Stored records
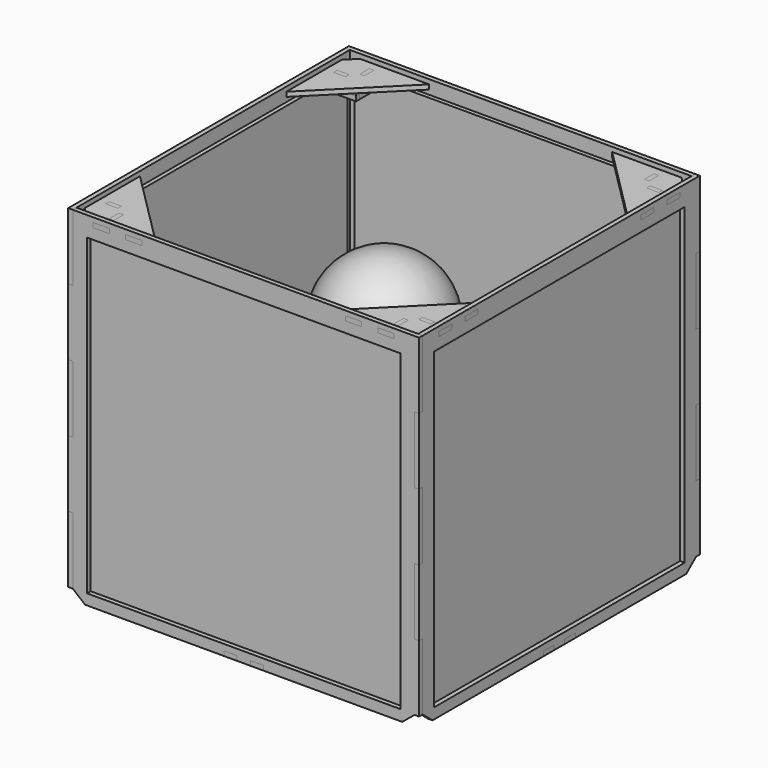
from build123d import *

# Parameters (mm, degrees)
F3_R      = 16
F3_R_2    = 15
F4_DEPTH  = 2.25
F5_W      = 2.25
F5_H      = 6.9285714286
F6_DEPTH  = 38
F7_DEPTH  = 2.25
F8_W      = 2.25
F8_H      = 6.6
F8_W_2    = 6.5
F8_H_2    = 2.25
F9_DEPTH  = 2.25
F11_W     = 160
F11_H     = 160
F12_DEPTH = 2
F13_W     = 154
F13_H     = 154
F13_W_2   = 8
F13_H_2   = 2.25
F14_DEPTH = 2.25
F15_W     = 6
F15_H     = 2.25
F15_W_2   = 2.25
F15_H_2   = 6
F16_DEPTH = 2.25
F18_DEPTH = 2.25
F20_DEPTH = 2.25
F21_W     = 2.25
F21_H     = 6.5
F21_W_2   = 4
F21_H_2   = 2.25
F22_DEPTH = 2.25
F24_DEPTH = 2.25
F25_COUNT = 4


with BuildPart() as f2:
    # F1 (on Front) → F2 (revolve)
    with BuildSketch(Plane.XZ):
        with BuildLine():
            Line((0, 143), (0, 10))
            Line((0, 10), (10, 10))
            Line((10, 10), (11.5, 20))
            Line((11.5, 20), (12.5, 25))
            Line((12.5, 25), (12.5, 36))
            Line((12.5, 36), (16, 36))
            Line((16, 36), (16, 38))
            Line((16, 38), (14, 38))
            Line((14, 38), (14, 40.25))
            Line((14, 40.25), (17.5, 40.25))
            Line((17.5, 40.25), (15, 48.25))
            Line((15, 48.25), (14, 48.25))
            Line((14, 48.25), (14, 63))
            Line((14, 63), (20, 72))
            Line((20, 72), (20, 85))
            Line((20, 85), (24, 95))
            ThreePointArc((24, 95), (26.83281573, 126.416407865), (0, 143))
        make_face()
    revolve(axis=Axis((0, 0, 76.5), (0, 0, -1)))


with BuildPart() as f4:
    # F3 (on face) → F4 (new body)
    with BuildSketch(Plane.XY.offset(38)):
        Polygon((-10.3928571429, 22), (-17.3214285714, 22), (-17.3214285714, 24.25), (-24.25, 24.25), (-24.25, 17.3214285714), (-22, 17.3214285714), (-22, 10.3928571429), (-24.25, 10.3928571429), (-24.25, 3.4642857143), (-22, 3.4642857143), (-22, -3.4642857143), (-24.25, -3.4642857143), (-24.25, -10.3928571429), (-22, -10.3928571429), (-22, -17.3214285714), (-24.25, -17.3214285714), (-24.25, -24.25), (-17.3214285714, -24.25), (-17.3214285714, -22), (-10.3928571429, -22), (-10.3928571429, -24.25), (-3.4642857143, -24.25), (-3.4642857143, -22), (3.4642857143, -22), (3.4642857143, -24.25), (10.3928571429, -24.25), (10.3928571429, -22), (17.3214285714, -22), (17.3214285714, -24.25), (24.25, -24.25), (24.25, -17.3214285714), (22, -17.3214285714), (22, -10.3928571429), (24.25, -10.3928571429), (24.25, -3.4642857143), (22, -3.4642857143), (22, 3.4642857143), (24.25, 3.4642857143), (24.25, 10.3928571429), (22, 10.3928571429), (22, 17.3214285714), (24.25, 17.3214285714), (24.25, 24.25), (17.3214285714, 24.25), (17.3214285714, 22), (10.3928571429, 22), (10.3928571429, 24.25), (3.4642857143, 24.25), (3.4642857143, 22), (-3.4642857143, 22), (-3.4642857143, 24.25), (-10.3928571429, 24.25), align=None)
        Circle(F3_R, mode=Mode.SUBTRACT)
        Circle(F3_R)
        Circle(F3_R_2, mode=Mode.SUBTRACT)
    extrude(amount=F4_DEPTH)


with BuildPart() as f6:
    # F5 (on face) → F6 (new body, through all)
    with BuildSketch(Plane(origin=(0, 0, 38), x_dir=(1, 0, 0), z_dir=(0, 0, -1))):
        with Locations((-23.125, 20.7857142857)):
            Rectangle(F5_W, F5_H)
        with Locations((-23.125, 13.8571428571)):
            Rectangle(F5_W, F5_H)
        with Locations((-23.125, 6.9285714286)):
            Rectangle(F5_W, F5_H)
        with Locations((-23.125, 0)):
            Rectangle(F5_W, F5_H)
        with Locations((-23.125, -6.9285714286)):
            Rectangle(F5_W, F5_H)
        with Locations((-23.125, -13.8571428571)):
            Rectangle(F5_W, F5_H)
        with Locations((-23.125, -20.7857142857)):
            Rectangle(F5_W, F5_H)
    extrude(amount=F6_DEPTH)

    # F5 (on face) → F7 (join, through all)
    with BuildSketch(Plane(origin=(0, 0, 38), x_dir=(1, 0, 0), z_dir=(0, 0, -1))):
        with Locations((-23.125, -13.8571428571)):
            Rectangle(F5_W, F5_H)
        with Locations((-23.125, 0)):
            Rectangle(F5_W, F5_H)
        with Locations((-23.125, 13.8571428571)):
            Rectangle(F5_W, F5_H)
    extrude(amount=-F7_DEPTH)

    # F8 (on face) → F9 (cut, through all)
    with BuildSketch(Plane(origin=(-24.25, 0, 0), x_dir=(0, -1, 0), z_dir=(-1, 0, 0))):
        Polygon((-24.25, 5), (-24.25, 0), (-9.75, 0), (-9.75, 2.25), (-16.25, 2.25), (-16.25, 5), align=None)
        Polygon((9.75, 0), (24.25, 0), (24.25, 5), (24.25, 11.6), (22, 11.6), (22, 5), (16.25, 5), (16.25, 2.25), (9.75, 2.25), align=None)
        with Locations((-23.125, 28.1)):
            Rectangle(F8_W, F8_H)
        with Locations((-23.125, 14.9)):
            Rectangle(F8_W, F8_H)
        with Locations((23.125, 34.7)):
            Rectangle(F8_W, F8_H)
        with Locations((23.125, 21.5)):
            Rectangle(F8_W, F8_H)
        with Locations((0, 1.125)):
            Rectangle(F8_W_2, F8_H_2)
    extrude(amount=-F9_DEPTH, mode=Mode.SUBTRACT)


with BuildPart() as f12:
    # F11 (on offset) → F12 (new body)
    with BuildSketch(Plane.YZ.offset(-82)):
        with Locations((0, 82.25)):
            Rectangle(F11_W, F11_H)
    extrude(amount=-F12_DEPTH)


with BuildPart() as f14:
    # F13 (on face) → F14 (new body)
    with BuildSketch(Plane(origin=(-84, 0, 0), x_dir=(0, -1, 0), z_dir=(-1, 0, 0))):
        Polygon((-84, 136.2), (-86.25, 136.2), (-86.25, 103.4), (-84, 103.4), (-84, 70.6), (-86.25, 70.6), (-86.25, 37.8), (-84, 37.8), (-84, 5), (-78, 0), (-9.75, 0), (-9.75, 2.25), (-3.25, 2.25), (-3.25, 0), (3.25, 0), (3.25, 2.25), (9.75, 2.25), (9.75, 0), (78, 0), (84, 5), (86.25, 5), (86.25, 37.8), (84, 37.8), (84, 70.6), (86.25, 70.6), (86.25, 103.4), (84, 103.4), (84, 136.2), (86.25, 136.2), (86.25, 169), (-84, 169), align=None)
        with Locations((0, 82.25)):
            Rectangle(F13_W, F13_H, mode=Mode.SUBTRACT)
        with Locations((-70, 165.625)):
            Rectangle(F13_W_2, F13_H_2, mode=Mode.SUBTRACT)
        with Locations((-54, 165.625)):
            Rectangle(F13_W_2, F13_H_2, mode=Mode.SUBTRACT)
        with Locations((54, 165.625)):
            Rectangle(F13_W_2, F13_H_2, mode=Mode.SUBTRACT)
        with Locations((70, 165.625)):
            Rectangle(F13_W_2, F13_H_2, mode=Mode.SUBTRACT)
    extrude(amount=F14_DEPTH)


with BuildPart() as f16:
    # F15 (on face) → F16 (new body, through all)
    with BuildSketch(Plane.XY.offset(164.5)):
        Polygon((-84, 74), (-86.25, 74), (-86.25, 66), (-84, 66), (-84, 58), (-86.25, 58), (-86.25, 50), (-84, 50), (-84, 45), (-45, 84), (-50, 84), (-50, 86.25), (-58, 86.25), (-58, 84), (-66, 84), (-66, 86.25), (-74, 86.25), (-74, 84), (-79, 84), (-84, 79), align=None)
        with Locations((-77, 70)):
            Rectangle(F15_W, F15_H, mode=Mode.SUBTRACT)
        with Locations((-70, 77)):
            Rectangle(F15_W_2, F15_H_2, mode=Mode.SUBTRACT)
    extrude(amount=F16_DEPTH)


with BuildPart() as f18:
    # F17 (on face) → F18 (new body, through all)
    with BuildSketch(Plane.XZ.offset(-71.125)):
        Polygon((-74, 166.75), (-80, 166.75), (-80, 164.5), (-82, 164.5), (-82, 157.75), (-68.875, 157.75), (-68.875, 160), (-71.125, 160), (-71.125, 162.25), (-68.875, 162.25), (-68.875, 164.5), (-74, 164.5), align=None)
    extrude(amount=F18_DEPTH)


with BuildPart() as f20:
    # F19 (on face) → F20 (new body, through all)
    with BuildSketch(Plane.YZ.offset(-71.125)):
        Polygon((80, 164.5), (80, 166.75), (74, 166.75), (74, 164.5), (71.125, 164.5), (71.125, 162.25), (68.8749999995, 162.25), (68.8749999995, 160), (71.1249999997, 160), (71.125, 157.75), (82, 157.75), (82, 164.5), align=None)
    extrude(amount=F20_DEPTH)


with BuildPart() as f22:
    # F21 (on Top) → F22 (new body)
    with BuildSketch(Plane.XY):
        Polygon((-22, 16.25), (-84, 16.25), (-84, 9.75), (-86.25, 9.75), (-86.25, 3.25), (-84, 3.25), (-84, -3.25), (-86.25, -3.25), (-86.25, -9.75), (-84, -9.75), (-84, -16.25), (-22, -16.25), (-12.3743686708, -12.3743686708), (-10.2530483272, -10.2530483272), (-8.6620580695, -11.8440385849), (-4.0658639918, -7.2478445072), (-5.6568542495, -5.6568542495), (0, 0), (-5.6568542495, 5.6568542495), (-7.2478445072, 4.0658639918), (-11.8440385849, 8.6620580695), (-10.2530483272, 10.2530483272), (-12.3743686708, 12.3743686708), align=None)
        with Locations((-23.125, -6.5)):
            Rectangle(F21_W, F21_H, mode=Mode.SUBTRACT)
        with Locations((-76, 0)):
            Rectangle(F21_W_2, F21_H_2, mode=Mode.SUBTRACT)
        with Locations((-68, 0)):
            Rectangle(F21_W_2, F21_H_2, mode=Mode.SUBTRACT)
        with Locations((-23.125, 6.5)):
            Rectangle(F21_W, F21_H, mode=Mode.SUBTRACT)
    extrude(amount=F22_DEPTH)


with BuildPart() as f24:
    # F23 (on face) → F24 (new body, through all)
    with BuildSketch(Plane.XZ.offset(-1.125)):
        Polygon((-82, 2.25), (-78, 2.25), (-78, 0), (-74, 0), (-74, 2.25), (-70, 2.25), (-70, 0), (-66, 0), (-66, 2.25), (-62, 2.25), (-62, 6.25), (-82, 6.25), align=None)
    extrude(amount=F24_DEPTH)


with BuildPart() as f25_1:
    # F25: instance of F6
    add(f6.part.rotate(Axis((0, 0, 76.5), (0, 0, -1)), 1 * 360 / F25_COUNT))


with BuildPart() as f25_2:
    # F25: instance of F6
    add(f6.part.rotate(Axis((0, 0, 76.5), (0, 0, -1)), 2 * 360 / F25_COUNT))


with BuildPart() as f25_3:
    # F25: instance of F6
    add(f6.part.rotate(Axis((0, 0, 76.5), (0, 0, -1)), 3 * 360 / F25_COUNT))


with BuildPart() as f25_4:
    # F25: instance of F22
    add(f22.part.rotate(Axis((0, 0, 76.5), (0, 0, -1)), 1 * 360 / F25_COUNT))


with BuildPart() as f25_5:
    # F25: instance of F22
    add(f22.part.rotate(Axis((0, 0, 76.5), (0, 0, -1)), 2 * 360 / F25_COUNT))


with BuildPart() as f25_6:
    # F25: instance of F22
    add(f22.part.rotate(Axis((0, 0, 76.5), (0, 0, -1)), 3 * 360 / F25_COUNT))


with BuildPart() as f25_7:
    # F25: instance of F12
    add(f12.part.rotate(Axis((0, 0, 76.5), (0, 0, -1)), 1 * 360 / F25_COUNT))


with BuildPart() as f25_8:
    # F25: instance of F12
    add(f12.part.rotate(Axis((0, 0, 76.5), (0, 0, -1)), 2 * 360 / F25_COUNT))


with BuildPart() as f25_9:
    # F25: instance of F12
    add(f12.part.rotate(Axis((0, 0, 76.5), (0, 0, -1)), 3 * 360 / F25_COUNT))


with BuildPart() as f25_10:
    # F25: instance of F14
    add(f14.part.rotate(Axis((0, 0, 76.5), (0, 0, -1)), 1 * 360 / F25_COUNT))


with BuildPart() as f25_11:
    # F25: instance of F14
    add(f14.part.rotate(Axis((0, 0, 76.5), (0, 0, -1)), 2 * 360 / F25_COUNT))


with BuildPart() as f25_12:
    # F25: instance of F14
    add(f14.part.rotate(Axis((0, 0, 76.5), (0, 0, -1)), 3 * 360 / F25_COUNT))


with BuildPart() as f25_13:
    # F25: instance of F16
    add(f16.part.rotate(Axis((0, 0, 76.5), (0, 0, -1)), 1 * 360 / F25_COUNT))


with BuildPart() as f25_14:
    # F25: instance of F16
    add(f16.part.rotate(Axis((0, 0, 76.5), (0, 0, -1)), 2 * 360 / F25_COUNT))


with BuildPart() as f25_15:
    # F25: instance of F16
    add(f16.part.rotate(Axis((0, 0, 76.5), (0, 0, -1)), 3 * 360 / F25_COUNT))


with BuildPart() as f25_16:
    # F25: instance of F18
    add(f18.part.rotate(Axis((0, 0, 76.5), (0, 0, -1)), 1 * 360 / F25_COUNT))


with BuildPart() as f25_17:
    # F25: instance of F18
    add(f18.part.rotate(Axis((0, 0, 76.5), (0, 0, -1)), 2 * 360 / F25_COUNT))


with BuildPart() as f25_18:
    # F25: instance of F18
    add(f18.part.rotate(Axis((0, 0, 76.5), (0, 0, -1)), 3 * 360 / F25_COUNT))


with BuildPart() as f25_19:
    # F25: instance of F20
    add(f20.part.rotate(Axis((0, 0, 76.5), (0, 0, -1)), 1 * 360 / F25_COUNT))


with BuildPart() as f25_20:
    # F25: instance of F20
    add(f20.part.rotate(Axis((0, 0, 76.5), (0, 0, -1)), 2 * 360 / F25_COUNT))


with BuildPart() as f25_21:
    # F25: instance of F20
    add(f20.part.rotate(Axis((0, 0, 76.5), (0, 0, -1)), 3 * 360 / F25_COUNT))


with BuildPart() as f25_22:
    # F25: instance of F24
    add(f24.part.rotate(Axis((0, 0, 76.5), (0, 0, -1)), 1 * 360 / F25_COUNT))


with BuildPart() as f25_23:
    # F25: instance of F24
    add(f24.part.rotate(Axis((0, 0, 76.5), (0, 0, -1)), 2 * 360 / F25_COUNT))


with BuildPart() as f25_24:
    # F25: instance of F24
    add(f24.part.rotate(Axis((0, 0, 76.5), (0, 0, -1)), 3 * 360 / F25_COUNT))


solid = Compound([f2.part, f4.part, f6.part, f12.part, f14.part, f16.part, f18.part, f20.part, f22.part, f24.part, f25_1.part, f25_2.part, f25_3.part, f25_4.part, f25_5.part, f25_6.part, f25_7.part, f25_8.part, f25_9.part, f25_10.part, f25_11.part, f25_12.part, f25_13.part, f25_14.part, f25_15.part, f25_16.part, f25_17.part, f25_18.part, f25_19.part, f25_20.part, f25_21.part, f25_22.part, f25_23.part, f25_24.part])
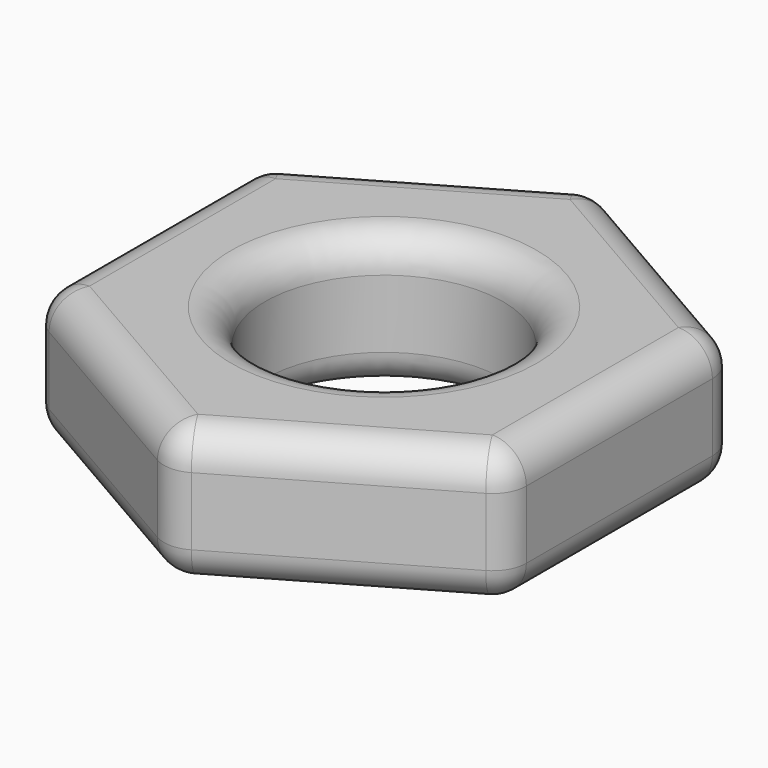
from build123d import *

# Parameters (mm, degrees)
F0_R     = 22.225
F1_DEPTH = 25.4
F2_R     = 6.35
F3_R     = 6.35


# Not quite as in the source:
# - a feature names something its author has since deleted; it is built from what else it names


with BuildPart() as f1:
    # F0 (on Top) → F1 (new body)
    with BuildSketch(Plane.XY):
        Polygon((0, -50.8), (43.9940905122, -25.4), (43.9940905122, 25.4), (0, 50.8), (-43.9940905122, 25.4), (-43.9940905122, -25.4), align=None)
        Circle(F0_R, mode=Mode.SUBTRACT)
    extrude(amount=F1_DEPTH)

    # F2
    f2_edges = [f1.edges().sort_by_distance(p)[0] for p in [
        (-43.994091, -25.4, 12.7),
        (-43.994091, 25.4, 12.7),
        (0, -50.8, 12.7),
        (43.994091, -25.4, 12.7),
        (43.994091, 25.4, 12.7),
        (0, 50.8, 12.7),
    ]]
    fillet(f2_edges, radius=F2_R)

    # F3
    f3_edges = [f1.edges().sort_by_distance(p)[0] for p in [
        (-21.997045, -38.1, 25.4),
        (-21.997045, -38.1, 0),
        (-22.225, 0, 25.4),
        (-22.225, 0, 0),
    ]]
    fillet(f3_edges, radius=F3_R)


solid = f1.part

-- Exercise brief --
If a line contains the word "through", it counts; say how many such lines there are in the data above, and nothing else.

-- Exercise answer --
7